Conventional treatment such as percutaneous drainage and medical treatments show a low success rate and high morbidity; thus, these are no longer recommended for DPDS. Surgical treatment including resection and derived procedures is accepted as a standard modality, and most physicians recommend derivd techniques, which were used in 8 patients as the first-line surgical treatment for DPDS [10, 11, 22, 23, 27, 28]. However, this approach demonstrates a higher morbidity and mortality than a nonsurgical approach [8,9,10,11, 29]. We attempted to identify predictors of successful outcomes following ETD to treat MPD disruption and observed that the best results were obtained in patients with partial PD disruption that can be bridged.

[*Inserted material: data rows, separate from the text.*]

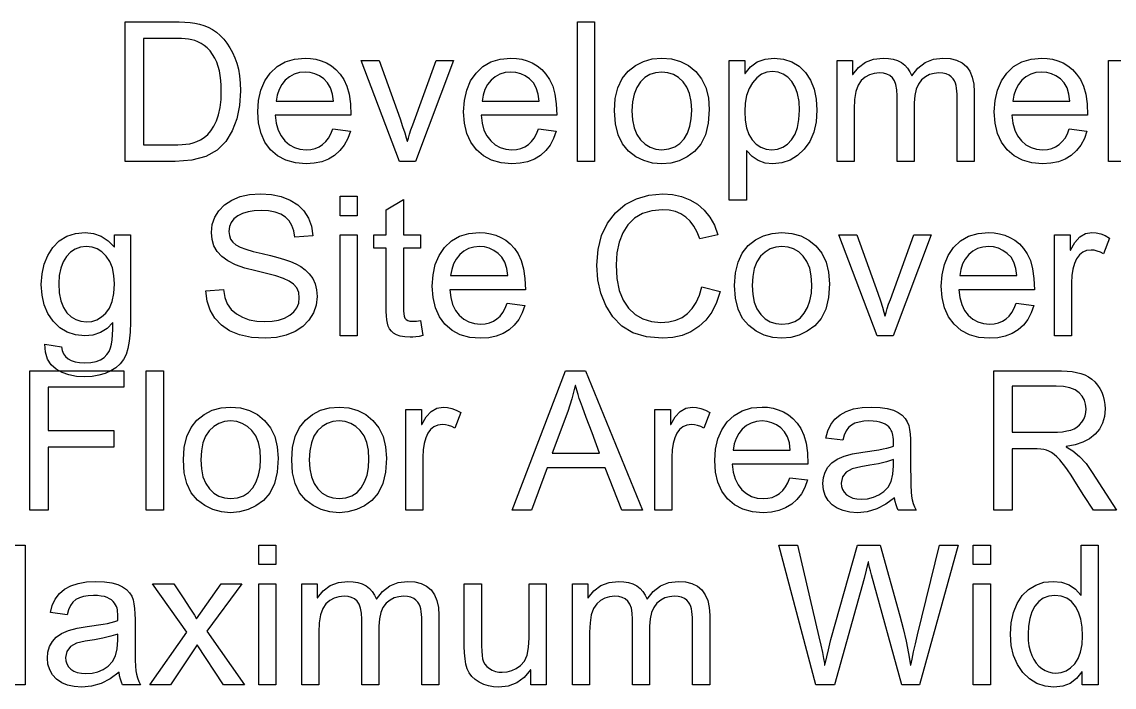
# Model space of a CAD drawing. Header units: metres. Extents: x -43 to 83, y -20 to 98.
# Drawn here: x -28.03 to -12.37, y -9.53 to 0 of the extents above; entities that cross this region are included whole.
import ezdxf

# ---------------------------------------------------------------- set-up
doc = ezdxf.new("R2010")
doc.units = ezdxf.units.M
doc.layers.add('METRICS', color=7, linetype='Continuous')

msp = doc.modelspace()

# ---------------------------------------------------------------- linework, layer by layer
at = {"layer": 'METRICS'}
for points in [[(-26.548, 0), (-25.858, 0), (-25.771, -0.001), (-25.689, -0.005), (-25.614, -0.01), (-25.546, -0.018), (-25.481, -0.031), (-25.418, -0.05), (-25.356, -0.076), (-25.295, -0.108), (-25.238, -0.148), (-25.183, -0.194), (-25.133, -0.246), (-25.087, -0.306), (-25.044, -0.371), (-25.007, -0.44), (-24.974, -0.515), (-24.946, -0.594), (-24.924, -0.68), (-24.908, -0.774), (-24.898, -0.877), (-24.895, -0.989), (-24.908, -1.2), (-24.947, -1.392), (-25.013, -1.563), (-25.105, -1.716), (-25.229, -1.84), (-25.391, -1.929), (-25.591, -1.982), (-25.828, -2), (-26.548, -2), (-26.548, 0)], [(-19.817, -2), (-20.063, -2), (-20.063, 0), (-19.817, 0), (-19.817, -2)], [(-26.284, -1.763), (-25.855, -1.763), (-25.792, -1.762), (-25.731, -1.759), (-25.675, -1.753), (-25.621, -1.746), (-25.57, -1.735), (-25.518, -1.716), (-25.465, -1.69), (-25.413, -1.658), (-25.362, -1.616), (-25.316, -1.562), (-25.274, -1.497), (-25.237, -1.42), (-25.207, -1.331), (-25.185, -1.229), (-25.172, -1.113), (-25.168, -0.984), (-25.169, -0.91), (-25.174, -0.839), (-25.183, -0.77), (-25.194, -0.703), (-25.211, -0.64), (-25.232, -0.579), (-25.26, -0.521), (-25.293, -0.466), (-25.33, -0.416), (-25.37, -0.373), (-25.412, -0.337), (-25.457, -0.309), (-25.503, -0.287), (-25.549, -0.269), (-25.593, -0.256), (-25.638, -0.248), (-25.685, -0.244), (-25.738, -0.24), (-25.798, -0.238), (-25.864, -0.237), (-26.284, -0.237), (-26.284, -1.763)], [(-23.31, -1.338), (-24.394, -1.338), (-24.38, -1.451), (-24.352, -1.55), (-24.312, -1.635), (-24.257, -1.705), (-24.192, -1.761), (-24.12, -1.8), (-24.04, -1.824), (-23.952, -1.832), (-23.885, -1.828), (-23.823, -1.814), (-23.767, -1.79), (-23.716, -1.758), (-23.671, -1.716), (-23.632, -1.665), (-23.598, -1.604), (-23.57, -1.533), (-23.318, -1.565), (-23.355, -1.671), (-23.405, -1.765), (-23.468, -1.845), (-23.543, -1.913), (-23.63, -1.966), (-23.727, -2.004), (-23.835, -2.027), (-23.952, -2.034), (-24.106, -2.022), (-24.243, -1.984), (-24.361, -1.922), (-24.462, -1.834), (-24.542, -1.725), (-24.599, -1.598), (-24.634, -1.452), (-24.645, -1.288), (-24.634, -1.125), (-24.601, -0.978), (-24.545, -0.847), (-24.467, -0.733), (-24.369, -0.639), (-24.253, -0.573), (-24.118, -0.533), (-23.966, -0.52), (-23.887, -0.524), (-23.811, -0.537), (-23.735, -0.559), (-23.661, -0.589), (-23.59, -0.63), (-23.525, -0.683), (-23.466, -0.749), (-23.412, -0.826), (-23.367, -0.921), (-23.335, -1.038), (-23.316, -1.177), (-23.31, -1.338)], [(-21.838, -0.553), (-22.385, -2), (-22.614, -2), (-23.164, -0.553), (-22.905, -0.553), (-22.606, -1.39), (-22.568, -1.499), (-22.538, -1.589), (-22.517, -1.66), (-22.505, -1.712), (-22.499, -1.712), (-22.486, -1.665), (-22.47, -1.61), (-22.449, -1.547), (-22.424, -1.477), (-22.089, -0.553), (-21.838, -0.553)], [(-20.359, -1.338), (-21.443, -1.338), (-21.429, -1.451), (-21.402, -1.55), (-21.361, -1.635), (-21.306, -1.705), (-21.241, -1.761), (-21.169, -1.8), (-21.089, -1.824), (-21.001, -1.832), (-20.934, -1.828), (-20.872, -1.814), (-20.816, -1.79), (-20.765, -1.758), (-20.72, -1.716), (-20.681, -1.665), (-20.647, -1.604), (-20.619, -1.533), (-20.367, -1.565), (-20.404, -1.671), (-20.454, -1.765), (-20.517, -1.845), (-20.592, -1.913), (-20.679, -1.966), (-20.776, -2.004), (-20.884, -2.027), (-21.001, -2.034), (-21.155, -2.022), (-21.292, -1.984), (-21.41, -1.922), (-21.511, -1.834), (-21.591, -1.725), (-21.649, -1.598), (-21.683, -1.452), (-21.694, -1.288), (-21.683, -1.125), (-21.65, -0.978), (-21.594, -0.847), (-21.516, -0.733), (-21.418, -0.639), (-21.302, -0.573), (-21.168, -0.533), (-21.015, -0.52), (-20.937, -0.524), (-20.86, -0.537), (-20.784, -0.559), (-20.71, -0.589), (-20.64, -0.63), (-20.575, -0.683), (-20.515, -0.749), (-20.461, -0.826), (-20.416, -0.921), (-20.384, -1.038), (-20.365, -1.177), (-20.359, -1.338)], [(-18.853, -0.52), (-18.712, -0.532), (-18.584, -0.568), (-18.469, -0.627), (-18.366, -0.711), (-18.282, -0.816), (-18.222, -0.942), (-18.185, -1.088), (-18.173, -1.254), (-18.186, -1.452), (-18.225, -1.618), (-18.291, -1.753), (-18.382, -1.857), (-18.49, -1.935), (-18.604, -1.99), (-18.725, -2.023), (-18.853, -2.034), (-18.985, -2.023), (-19.109, -1.989), (-19.223, -1.932), (-19.329, -1.853), (-19.417, -1.749), (-19.48, -1.618), (-19.518, -1.461), (-19.531, -1.277), (-19.519, -1.098), (-19.482, -0.944), (-19.421, -0.813), (-19.336, -0.707), (-19.232, -0.625), (-19.117, -0.567), (-18.991, -0.532), (-18.853, -0.52)], [(-17.656, -0.739), (-17.579, -0.643), (-17.484, -0.575), (-17.372, -0.534), (-17.243, -0.52), (-17.108, -0.533), (-16.988, -0.571), (-16.883, -0.636), (-16.793, -0.726), (-16.72, -0.838), (-16.669, -0.964), (-16.638, -1.107), (-16.628, -1.265), (-16.639, -1.432), (-16.673, -1.582), (-16.73, -1.713), (-16.81, -1.826), (-16.907, -1.917), (-17.014, -1.982), (-17.131, -2.021), (-17.259, -2.034), (-17.37, -2.023), (-17.469, -1.988), (-17.557, -1.93), (-17.633, -1.849), (-17.64, -1.849), (-17.64, -2.557), (-17.885, -2.557), (-17.885, -0.553), (-17.662, -0.553), (-17.662, -0.739), (-17.656, -0.739)], [(-14.372, -2), (-14.618, -2), (-14.618, -1.086), (-14.619, -1.037), (-14.621, -0.992), (-14.626, -0.951), (-14.632, -0.913), (-14.641, -0.879), (-14.656, -0.846), (-14.676, -0.815), (-14.702, -0.786), (-14.734, -0.762), (-14.774, -0.745), (-14.823, -0.735), (-14.879, -0.731), (-14.948, -0.738), (-15.013, -0.756), (-15.073, -0.788), (-15.128, -0.832), (-15.174, -0.891), (-15.207, -0.965), (-15.227, -1.054), (-15.233, -1.16), (-15.233, -2), (-15.479, -2), (-15.479, -1.059), (-15.483, -0.972), (-15.495, -0.9), (-15.516, -0.843), (-15.545, -0.801), (-15.582, -0.77), (-15.625, -0.749), (-15.675, -0.736), (-15.733, -0.731), (-15.808, -0.738), (-15.877, -0.759), (-15.938, -0.793), (-15.992, -0.84), (-16.037, -0.907), (-16.069, -0.997), (-16.088, -1.111), (-16.094, -1.248), (-16.094, -2), (-16.34, -2), (-16.34, -0.553), (-16.119, -0.553), (-16.119, -0.754), (-16.113, -0.754), (-16.031, -0.652), (-15.931, -0.578), (-15.815, -0.534), (-15.681, -0.52), (-15.604, -0.524), (-15.535, -0.536), (-15.473, -0.555), (-15.418, -0.583), (-15.37, -0.619), (-15.329, -0.663), (-15.295, -0.714), (-15.269, -0.774), (-15.181, -0.663), (-15.077, -0.583), (-14.957, -0.536), (-14.823, -0.52), (-14.717, -0.527), (-14.626, -0.55), (-14.548, -0.588), (-14.485, -0.641), (-14.436, -0.709), (-14.401, -0.793), (-14.379, -0.892), (-14.372, -1.005), (-14.372, -2)], [(-12.749, -1.338), (-13.834, -1.338), (-13.819, -1.451), (-13.792, -1.55), (-13.751, -1.635), (-13.696, -1.705), (-13.632, -1.761), (-13.559, -1.8), (-13.479, -1.824), (-13.392, -1.832), (-13.324, -1.828), (-13.262, -1.814), (-13.206, -1.79), (-13.156, -1.758), (-13.111, -1.716), (-13.071, -1.665), (-13.038, -1.604), (-13.01, -1.533), (-12.757, -1.565), (-12.794, -1.671), (-12.844, -1.765), (-12.907, -1.845), (-12.982, -1.913), (-13.069, -1.966), (-13.166, -2.004), (-13.274, -2.027), (-13.392, -2.034), (-13.546, -2.022), (-13.682, -1.984), (-13.8, -1.922), (-13.901, -1.834), (-13.981, -1.725), (-14.039, -1.598), (-14.073, -1.452), (-14.085, -1.288), (-14.073, -1.125), (-14.04, -0.978), (-13.984, -0.847), (-13.907, -0.733), (-13.808, -0.639), (-13.692, -0.573), (-13.558, -0.533), (-13.405, -0.52), (-13.327, -0.524), (-13.25, -0.537), (-13.174, -0.559), (-13.1, -0.589), (-13.03, -0.63), (-12.965, -0.683), (-12.905, -0.749), (-12.851, -0.826), (-12.807, -0.921), (-12.775, -1.038), (-12.755, -1.177), (-12.749, -1.338)], [(-12.205, -2), (-12.45, -2), (-12.45, -0.553), (-12.229, -0.553)], [(-23.562, -1.136), (-23.576, -1.034), (-23.604, -0.946), (-23.645, -0.874), (-23.699, -0.818), (-23.762, -0.775), (-23.827, -0.745), (-23.895, -0.726), (-23.966, -0.72), (-24.049, -0.728), (-24.124, -0.749), (-24.191, -0.786), (-24.251, -0.836), (-24.301, -0.899), (-24.339, -0.969), (-24.366, -1.049), (-24.381, -1.136), (-23.562, -1.136)], [(-20.611, -1.136), (-20.625, -1.034), (-20.653, -0.946), (-20.694, -0.874), (-20.748, -0.818), (-20.811, -0.775), (-20.876, -0.745), (-20.944, -0.726), (-21.015, -0.72), (-21.098, -0.728), (-21.173, -0.749), (-21.24, -0.786), (-21.3, -0.836), (-21.35, -0.899), (-21.388, -0.969), (-21.415, -1.049), (-21.43, -1.136), (-20.611, -1.136)], [(-18.853, -1.832), (-18.754, -1.822), (-18.668, -1.793), (-18.594, -1.745), (-18.533, -1.677), (-18.486, -1.593), (-18.452, -1.497), (-18.431, -1.388), (-18.424, -1.267), (-18.432, -1.14), (-18.455, -1.029), (-18.494, -0.935), (-18.548, -0.858), (-18.613, -0.798), (-18.686, -0.755), (-18.766, -0.729), (-18.853, -0.72), (-18.942, -0.729), (-19.023, -0.755), (-19.095, -0.799), (-19.16, -0.86), (-19.212, -0.939), (-19.25, -1.034), (-19.272, -1.147), (-19.28, -1.277), (-19.272, -1.406), (-19.249, -1.519), (-19.211, -1.614), (-19.158, -1.692), (-19.093, -1.754), (-19.02, -1.797), (-18.94, -1.823), (-18.853, -1.832)], [(-17.276, -1.832), (-17.193, -1.823), (-17.119, -1.797), (-17.051, -1.752), (-16.991, -1.69), (-16.942, -1.61), (-16.907, -1.512), (-16.886, -1.397), (-16.879, -1.265), (-16.885, -1.139), (-16.906, -1.029), (-16.94, -0.935), (-16.987, -0.855), (-17.045, -0.793), (-17.111, -0.748), (-17.184, -0.721), (-17.265, -0.712), (-17.348, -0.722), (-17.424, -0.752), (-17.492, -0.802), (-17.552, -0.872), (-17.601, -0.957), (-17.636, -1.055), (-17.657, -1.164), (-17.664, -1.285), (-17.658, -1.411), (-17.637, -1.521), (-17.604, -1.615), (-17.557, -1.693), (-17.499, -1.754), (-17.432, -1.797), (-17.358, -1.823), (-17.276, -1.832)], [(-13.001, -1.136), (-13.016, -1.034), (-13.043, -0.946), (-13.084, -0.874), (-13.138, -0.818), (-13.201, -0.775), (-13.266, -0.745), (-13.334, -0.726), (-13.405, -0.72), (-13.488, -0.728), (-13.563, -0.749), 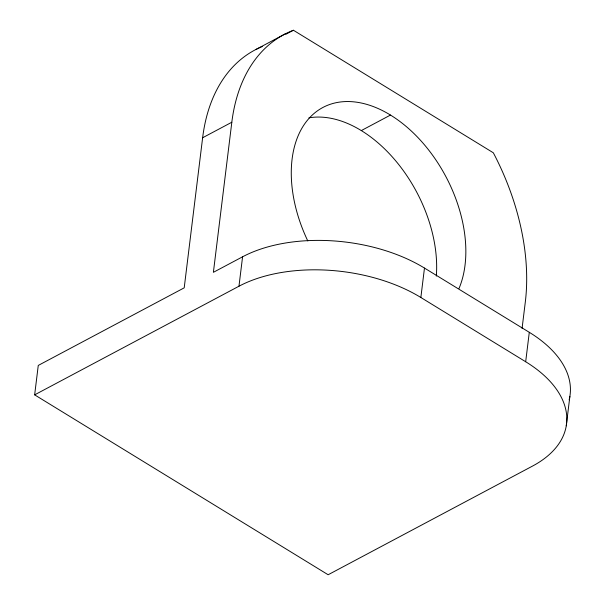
<?xml version="1.0" encoding="UTF-8"?>
<svg xmlns="http://www.w3.org/2000/svg" width="605" height="605" viewBox="0 0 605 605"><rect width="100%" height="100%" fill="white"/><g stroke="black" fill="none" stroke-linecap="round" stroke-linejoin="round"><path stroke-width="0.91" d="M522.077 328.386L525.299 302.122A201.231 129.22 62 0 0 493.325 152.785L293.425 30.25A201.231 129.22 62 0 0 231.821 122.233L213.391 272.318L242.582 256.8A129.364 73.084 7 0 1 424.476 268.068L529.292 332.311L525.677 361.745A129.364 73.084 7 0 1 532.445 466.122L328.137 574.75L34.651 394.853L38.266 365.428L184.207 287.836L202.63 137.751A201.231 129.22 62 0 1 262.585 46.419M34.651 394.853L238.967 286.226L242.582 256.8M525.677 361.745L420.861 297.494L424.476 268.068M566.257 425.829L569.872 396.404M256.142 49.368L285.333 33.85M285.915 34.243L293.425 30.25M202.63 137.751L231.821 122.233M361.298 130.582L390.482 115.063M238.967 286.226A129.364 73.084 7 0 1 420.861 297.494M529.292 332.311A129.364 73.084 7 0 1 569.154 399.814M307.786 240.911A118.588 76.147 62 0 1 368.695 104.96A118.588 76.147 62 0 1 458.998 288.509M308.928 117.839A118.588 76.147 62 0 1 397.916 163.539A118.588 76.147 62 0 1 436.311 276.107"/></g></svg>

However, in this study, 7 patients with DPDS could not undergo bridge treatment using stents but showed resolution of PFCs and clinical symptoms [12]. If these 7 patients can be considered clinically successful cases, the success rate of ETD in treating 23 patients with DPDS increases from 26 to 56.5%. It should be mentioned that it was impossibility to make bridging therapy in all cases in this study with the experienced doctors. Up to date, there was only a successful bridging in our center, which was reported in 2018 [30].

ETD was associated with clinical success in 87% (13/15) of patients with DPDS. This route of drainage is physiological because it uses the normal anatomical route of drainage of pancreatic secretions and does not involve the creation of an alternative route of drainage as is observed with transmural drainage. Thus, we attempted ETD before surgery, although 8 patients showed clinical failure and underwent surgery with complete cure without adverse events or recurrence during follow-up. ERCP can be associated with serious adverse events such as post-procedure pancreatitis and the risk of infection in sterile PFCs [31,32,33]. This study shows that ETD is safe and effective; however, postoperative infection was reported in 1 patient with PFC, which could be initially treated with transmural drainage. The diameter of the MPD limits the number and the size of the endoprosthesis that can be placed for drainage. The optimal duration of stent therapy remains unclear [12, 18]. In this study, stents remained in place over 3 months and no adverse events such as stent occlusion or stent-induced ductal changes were observed.

To our knowledge, the number of patients who met the diagnostic criteria of DPDS and were treated with transpapillary drainage was less than 31 [1, 10, 12, 13, 21, 34]. Limitations of our study: 1) this was a retrospectively designed study, 2) a small number of cases were included. Because of the low incidence of DPDS, it is difficult to study large patient cohorts. Nevertheless, our sample size is larger than those in previous reports, and notably, the follow-up duration is long enough, 3) a potential selection bias toward endoscopic transpapillary management vs. transmural or surgical management cannot be ignored, which is attributable in part, to our large and experienced ERCP practice and, 4) other drawbacks include that 16.1% of the patients were lost to follow-up. Evidence regarding DPDS is limited and this group of patients included in our study might represent a selected patient population with DPDS who underwent conventional multidisciplinary treatment.

Conclusions

We present our experience with DPDS and emphasize that endoscopic management for DPDS is safe and is associated with favorable long-term outcomes. Additionally, the incidence of adverse events is low, and the failure rate was 13.3% (2/15). Thus, primary surgery is not required for all patients with DPDS. Systematic reviews and prospective, randomized multicenter trials are warranted in the future to validate the data regarding DPDS.